Meanwhile IAEA has also widened its definitional understanding in discussing safety culture:

“Safety Culture is also an amalgamation of values, standards, morals and norms of acceptable behaviour. Therefore, safety culture has to be inherent in the thoughts and actions of all the individuals at every level in an organization” (IAEA, 1998, pp. 3).

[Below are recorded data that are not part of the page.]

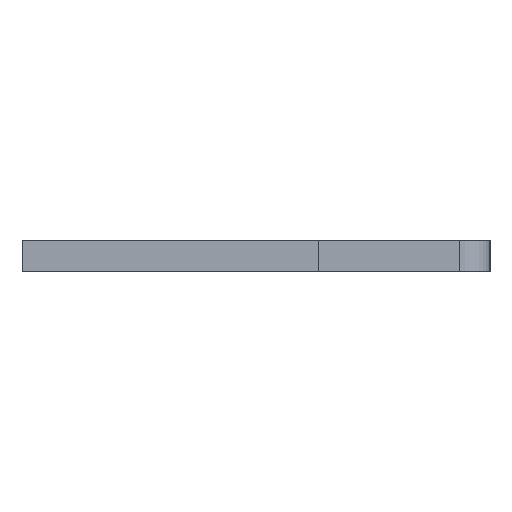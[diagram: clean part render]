
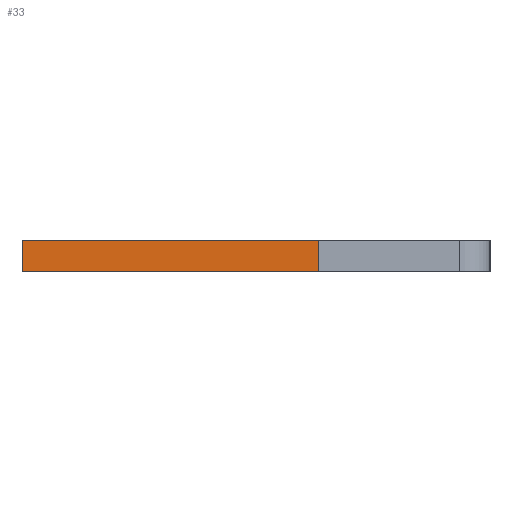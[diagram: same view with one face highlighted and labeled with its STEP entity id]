
A CAD part, left-side view. The second image highlights one B-rep face of the part: STEP entity #33.
In plain terms, the highlighted face is planar.
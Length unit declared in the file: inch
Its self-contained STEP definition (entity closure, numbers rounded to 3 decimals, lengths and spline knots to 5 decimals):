
#33 = ADVANCED_FACE ( 'NONE', ( #943 ), #1341, .F. ) ;
#56 = LINE ( 'NONE', #606, #239 ) ;
#120 = EDGE_CURVE ( 'NONE', #267, #1323, #56, .T. ) ;
#139 = CARTESIAN_POINT ( 'NONE',  ( 0.01, 0.15, -0.04 ) ) ;
#148 = CARTESIAN_POINT ( 'NONE',  ( -0.01, 0.15, -0.04 ) ) ;
#163 = DIRECTION ( 'NONE',  ( -1., 0., 0. ) ) ;
#167 = ORIENTED_EDGE ( 'NONE', *, *, #120, .T. ) ;
#168 = DIRECTION ( 'NONE',  ( 0., 1., 0. ) ) ;
#205 = VERTEX_POINT ( 'NONE', #1135 ) ;
#218 = VECTOR ( 'NONE', #1293, 39.37008 ) ;
#236 = DIRECTION ( 'NONE',  ( -1., 0., 0. ) ) ;
#239 = VECTOR ( 'NONE', #163, 39.37008 ) ;
#266 = ORIENTED_EDGE ( 'NONE', *, *, #467, .F. ) ;
#267 = VERTEX_POINT ( 'NONE', #1139 ) ;
#278 = DIRECTION ( 'NONE',  ( 0., 0., 1. ) ) ;
#307 = VERTEX_POINT ( 'NONE', #624 ) ;
#354 = VECTOR ( 'NONE', #236, 39.37008 ) ;
#386 = CARTESIAN_POINT ( 'NONE',  ( 0.01, 0.15, -0.04 ) ) ;
#458 = LINE ( 'NONE', #148, #1276 ) ;
#467 = EDGE_CURVE ( 'NONE', #205, #307, #905, .T. ) ;
#474 = EDGE_LOOP ( 'NONE', ( #767, #266, #1298, #167 ) ) ;
#485 = DIRECTION ( 'NONE',  ( 1., 0., 0. ) ) ;
#586 = LINE ( 'NONE', #139, #218 ) ;
#606 = CARTESIAN_POINT ( 'NONE',  ( 0.01, -0.04, -0.04 ) ) ;
#624 = CARTESIAN_POINT ( 'NONE',  ( -0.01, 0.15, -0.04 ) ) ;
#767 = ORIENTED_EDGE ( 'NONE', *, *, #1136, .T. ) ;
#786 = AXIS2_PLACEMENT_3D ( 'NONE', #386, #278, #485 ) ;
#801 = EDGE_CURVE ( 'NONE', #267, #205, #586, .T. ) ;
#905 = LINE ( 'NONE', #1061, #354 ) ;
#943 = FACE_OUTER_BOUND ( 'NONE', #474, .T. ) ;
#990 = CARTESIAN_POINT ( 'NONE',  ( -0.01, -0.04, -0.04 ) ) ;
#1061 = CARTESIAN_POINT ( 'NONE',  ( 0.01, 0.15, -0.04 ) ) ;
#1135 = CARTESIAN_POINT ( 'NONE',  ( 0.01, 0.15, -0.04 ) ) ;
#1136 = EDGE_CURVE ( 'NONE', #1323, #307, #458, .T. ) ;
#1139 = CARTESIAN_POINT ( 'NONE',  ( 0.01, -0.04, -0.04 ) ) ;
#1276 = VECTOR ( 'NONE', #168, 39.37008 ) ;
#1293 = DIRECTION ( 'NONE',  ( 0., 1., 0. ) ) ;
#1298 = ORIENTED_EDGE ( 'NONE', *, *, #801, .F. ) ;
#1323 = VERTEX_POINT ( 'NONE', #990 ) ;
#1341 = PLANE ( 'NONE',  #786 ) ;

In a next step it seems necessary to clarify the relationships of the concept of safety climate to safety culture. Safety climate is defined as "a summary of molar perceptions that employees share about their work environment” (Zohar, 1980, p.96) and its emergence in safety literature is mainly based on questionnaire research. In a rather comprehensive review of theory and research on safety culture and safety climate Guldenmund concludes that safety climate “has come to mean more and more the overt manifestation of culture within an organisation”. Therefore, climate follows naturally from culture or, put another way, organisational culture being the causal basis of organisational climate denoting mainly “the aggregated attitudes of its members” (Guldenmund, 2000, pp. 221-222). Organisational culture may then be considered a socially shared, holistic and faceted (multi-dimensional) concept, providing a collective frame of reference for action. This assumption finds support by the work of Edgar Schein (1992), who differentiates the concept as being constituted by three different layers (see figure 1).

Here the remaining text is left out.